Published in The Gazette on January 13, 2008
Andrew J. Olmsted (1 February 1970 – 3 January 2008)[1] was a major in the U.S. Army. He was educated at St. John's High School in Shrewsbury, MA, and Clark University.[2]
Major Olmsted was assigned to a battalion military transition team working with 5th Iraqi Army Division. He was killed in action by sniper fire while serving in the Iraq War. Also killed in the attack was Captain Thomas J. Casey. They were the first casualties suffered by the US Army in Iraq in 2008. Major Olmsted's funeral took place on January 15, 2008, at Fort Carson, Colorado.[3].
His eleven-man team (Nightmare) likely suffered the most casualties of any transition team. Albert A. Haroutounian, an interpreter that worked with the team, was killed by a roadside bomb on March 10, 2008 in Diyala. Captain Ulises Burgos and Specialist Matthew Morris (who was loaned to the short-handed team by the 2-3 Armored Cavalry Regiment) were killed by a roadside bomb on 6 April 2008. Surviving members of team Nightmare are, MSG Joe McDuffie, MSG Fredrico Flores, MSG Elish R. “Jay” Jackson, SFC William Beaver, SSG Brandon Shaw, CPT Todd Bradford, CPT John Kurt Thompson, CPT Patrick Confer. Most of the senior enlisted soldiers listed above have retired or will very soon. MSG Jackson has since returned to Iraq with the 101st Airborne, MSG Flores is actually 1sgt Flores at a training post. CPT Thompson is in a unit near Washington D.C. Details on the rest of the team members are hard to come by. SFC Beaver was awarded the Silver Star for his actions on 3 January 2008. After being wounded in the face he continued to support his comrades with suppressive .50 caliber machine gun fire and coordinating with higher headquarters for medevac and QRF support. CPT Thomas Casey was recommended for the Silver Star by his teammates and the award is pending approval.
His team operated from Kirkush Military Training Base (KMTB) near FOB Caldwell. His team operated throughout the Diyala province in support of the Iraqi Army 5th Division. Units they supported were far flung. His team had to roam from KMTB west to Baqubah and FOB Warhorse east to Mandali and along the Iranian border to the far north of Diyala. They clocked thousands of kilometers along some of the most dangerous routes in Iraq.
He was known for writing the blog From the Front Lines[4] for the Rocky Mountain News, and guest-posting at Obsidian Wings blog as G'Kar.[2] He was killed in As Sadiyah, Iraq at the age of 37.[2]. His last blog entry was published posthumously, and was entered in the congressional record.
Posted by Gary Farber, semi-intentionally/accidentally using Eric Martin's account.
Thanks for this Gary. I’m sure it was difficult to write, as it has been difficult to read…
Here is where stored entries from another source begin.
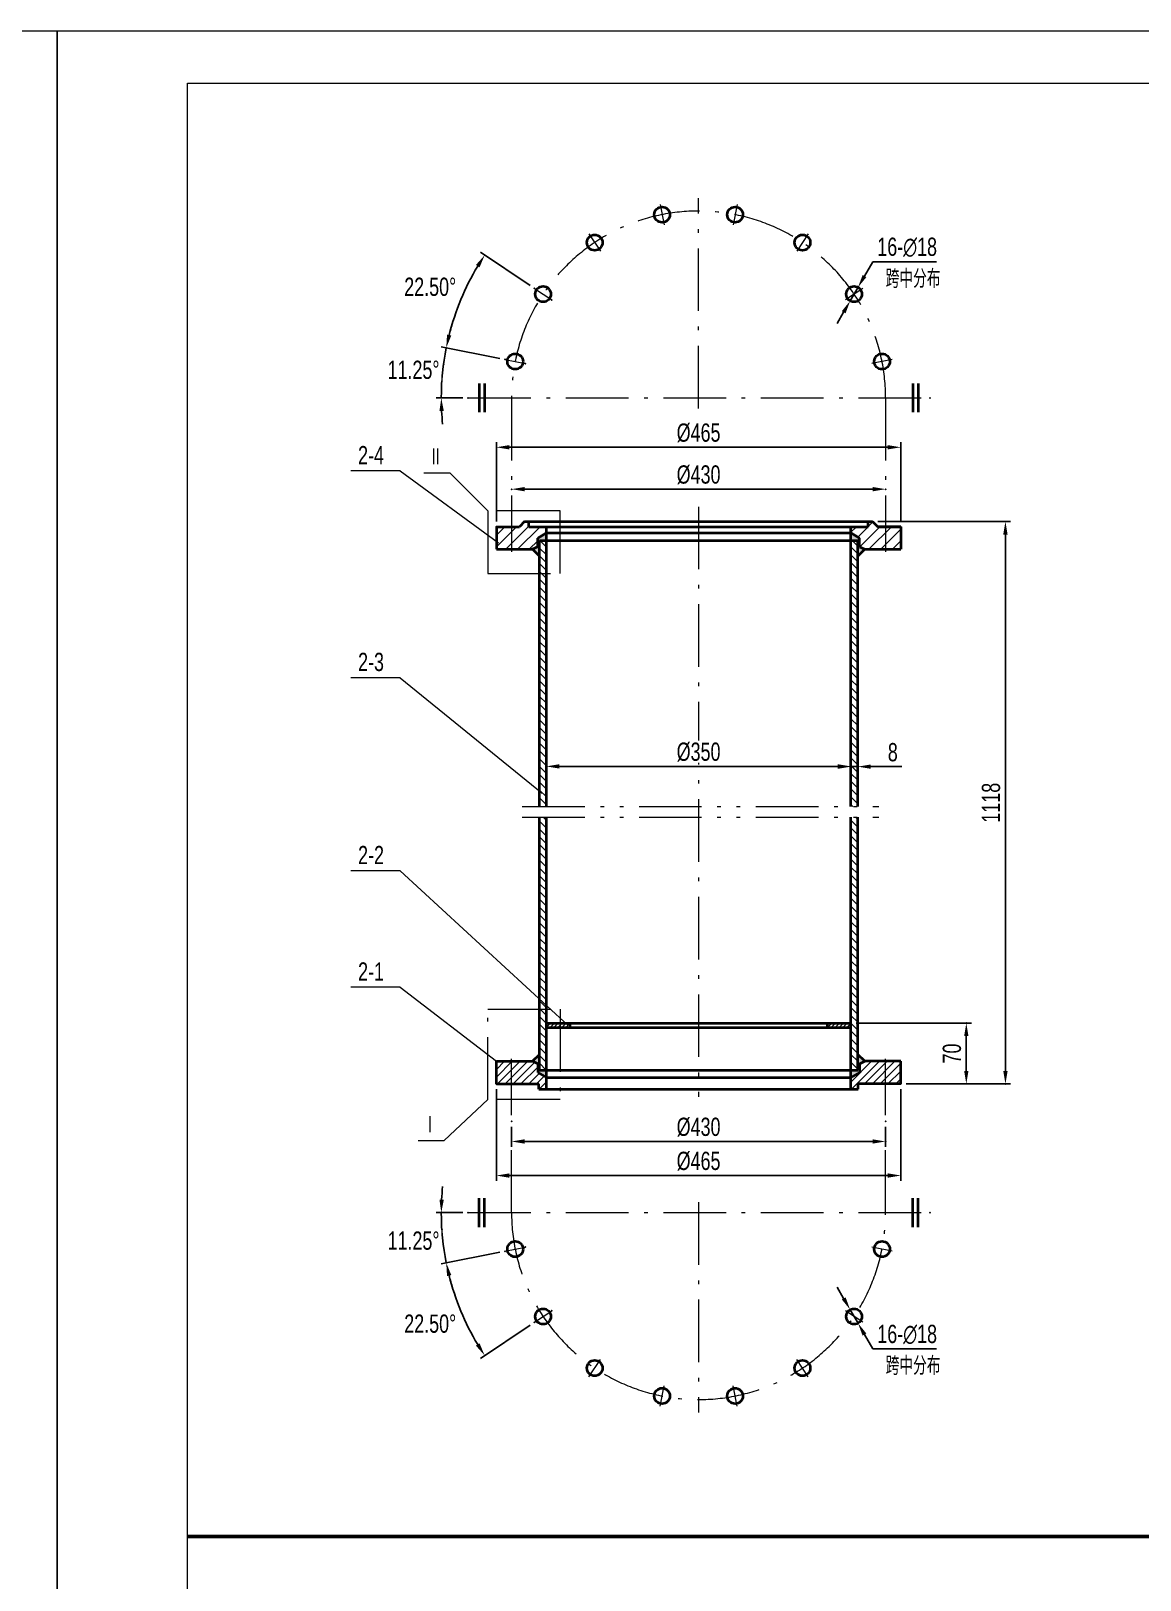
# Model space of a CAD drawing. Header units: millimetres. Extents: x 0 to 5040, y 0 to 3564.
# Drawn here: x 2490 to 3765, y 1782 to 3564 of the extents above; entities that cross this region are included whole.
import ezdxf

# ---------------------------------------------------------------- set-up
doc = ezdxf.new("R2010")
doc.units = ezdxf.units.MM
doc.linetypes.add('ACAD_ISO10W100', pattern=[18.7, 12, -3, 0.7, -3])
doc.linetypes.add('ACAD_ISO12W100', pattern=[22.4, 12, -3, 0.7, -3, 0.7, -3])
for name, color, linetype, lineweight in [('中心线', 1, 'ACAD_ISO10W100', 18), ('中粗线', 4, 'Continuous', 35), ('双点划线', 3, 'ACAD_ISO12W100', 18), ('标注', 7, 'Continuous', 18), ('粗实线', 2, 'Continuous', 50), ('细实线', 7, 'Continuous', 18)]:
    doc.layers.add(name, color=color, linetype=linetype, lineweight=lineweight)
doc.styles.add('HGCAD', font='HGCAD.SHX', dxfattribs={"width": 0.75, "bigfont": 'HZTXT.SHX'})
doc.dimstyles.new('HGCAD$0', dxfattribs={"dimtxt": 3.5, "dimasz": 2.5, "dimexe": 1, "dimexo": 1, "dimgap": 1, "dimtad": 1, "dimdec": 1, "dimdsep": 46, "dimtxsty": 'HGCAD', "dimcen": 0, "dimadec": 1, "dimazin": 0, "dimtfac": 1, "dimtmove": 0, "dimatfit": 1, "dimfxl": 0, "dimarcsym": 0})
doc.dimstyles.new('HGCAD$2', dxfattribs={"dimtxt": 3.5, "dimasz": 2.5, "dimexe": 1, "dimexo": 1, "dimgap": 1, "dimtad": 2, "dimtih": 1, "dimdec": 1, "dimdsep": 46, "dimtxsty": 'HGCAD', "dimcen": 0, "dimadec": 0, "dimazin": 0, "dimtfac": 1, "dimtmove": 0, "dimatfit": 1, "dimfxl": 0, "dimarcsym": 0})
doc.dimstyles.new('HGCAD$3', dxfattribs={"dimtxt": 3.5, "dimasz": 2.5, "dimexe": 1, "dimexo": 1, "dimgap": 1, "dimtad": 1, "dimtoh": 1, "dimdec": 1, "dimdsep": 46, "dimtxsty": 'HGCAD', "dimcen": 0, "dimadec": 1, "dimazin": 0, "dimtfac": 1, "dimtmove": 0, "dimatfit": 1, "dimfxl": 0, "dimarcsym": 0})

# ---------------------------------------------------------------- blocks, each defined once
blk = doc.blocks.new('HGCAD#HGTFTK~A2Z~HGCAD图框')
at = {"layer": '细实线', "color": 7}
blk.add_lwpolyline([(10, -10), (-410, -10), (-410, 584), (10, 584)], close=True, dxfattribs=at)
at = {"layer": '细实线', "color": 2}
blk.add_lwpolyline([(0, 0), (-385, 0), (-385, 574), (0, 574)], close=True, dxfattribs=at)
blk = doc.blocks.new('*D73')
at = {"color": 0, "ltscale": 6}
for p in [(3490, 3085.1), (3025, 2993.7), (3490, 2993.7)]:
    blk.add_point(p, dxfattribs=at)
at = {"layer": '标注', "color": 0, "lineweight": -2, "ltscale": 6}
for p, q in [((3025, 2999.7), (3025, 3091.1)), ((3040, 3085.1), (3475, 3085.1)), ((3490, 2999.7), (3490, 3091.1))]:
    blk.add_line(p, q, dxfattribs=at)
at = {"layer": '标注', "color": 0, "ltscale": 6}
for points in [[(3040, 3087.6), (3040, 3082.6), (3025, 3085.1)], [(3475, 3087.6), (3475, 3082.6), (3490, 3085.1)]]:
    blk.add_solid(points, dxfattribs=at)
at = {"layer": '标注', "color": 0, "ltscale": 6, "insert": (3257.5, 3101.6), "char_height": 21, "attachment_point": 5, "style": 'HGCAD', "bg_fill": 3, "box_fill_scale": 1.1, "bg_fill_color": 256, "bg_fill_true_color": 13158600, "bg_fill_transparency": 3437}
blk.add_mtext('%%C465', dxfattribs=at)
blk = doc.blocks.new('*D16')
at = {"color": 0, "ltscale": 6}
for p in [(3042.5, 3036.9), (3472.5, 3036.9), (3472.5, 3036.9)]:
    blk.add_point(p, dxfattribs=at)
at = {"layer": '标注', "color": 0, "lineweight": -2, "ltscale": 6}
blk.add_line((3057.5, 3036.9), (3457.5, 3036.9), dxfattribs=at)
at = {"layer": '标注', "color": 0, "ltscale": 6}
for points in [[(3057.5, 3039.4), (3057.5, 3034.4), (3042.5, 3036.9)], [(3457.5, 3039.4), (3457.5, 3034.4), (3472.5, 3036.9)]]:
    blk.add_solid(points, dxfattribs=at)
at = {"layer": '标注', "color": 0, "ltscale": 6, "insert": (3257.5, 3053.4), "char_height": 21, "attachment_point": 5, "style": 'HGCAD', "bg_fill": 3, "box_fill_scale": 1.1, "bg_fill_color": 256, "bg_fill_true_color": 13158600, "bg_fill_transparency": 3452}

After 3 years it’s no easier to read those old posts. My thoughts are with his family and friends often, but certainly today I’ll think of little else.
Posted by: OCSteve | January 03, 2011 at 02:01 PM
If anyone think I wrote this without weeping before, nonstop through every moment of writing it, fighting with Typepad, and still now: you're wrong.
I also have this on my mind.
More context here.
All of us have likely suffered losses of loved ones, and if you haven't, you will.
All of us have likely had major injuries or illness or financial worries or family problems, and endless other problems and stresses.
Many of us are dealing with critical illnesses, or those of loved ones, and some of us are caring for dying people, or those in grave danger of it.
Certainly some of my best friends are, at this very moment, and many other friends, as well.
Many people are homeless. Many people are dying. All of us will die.
May each and every one of you find peace and happiness, and an easier life.
And I'm thankful that I'm:
a) One of the luckiest people in the world;
b) More privileged and well-off and richer than over one billion of my brothers and sisters I'm riding with on Planet Earth.
I'm thankful for the people who help other people.
I'm most thankful for the people who don't decide they know who is deserving, and who is not.
May whatever you believe in bless you all.
Thoughts on Andrew Olmsted, and what he means to you, should be posted below, and all my personal remarks ignored.
Posted by: Gary Farber | January 03, 2011 at 02:34 PM
This comment is now obsolete, and this is a notation that I've removed it, having fixed the problem it related.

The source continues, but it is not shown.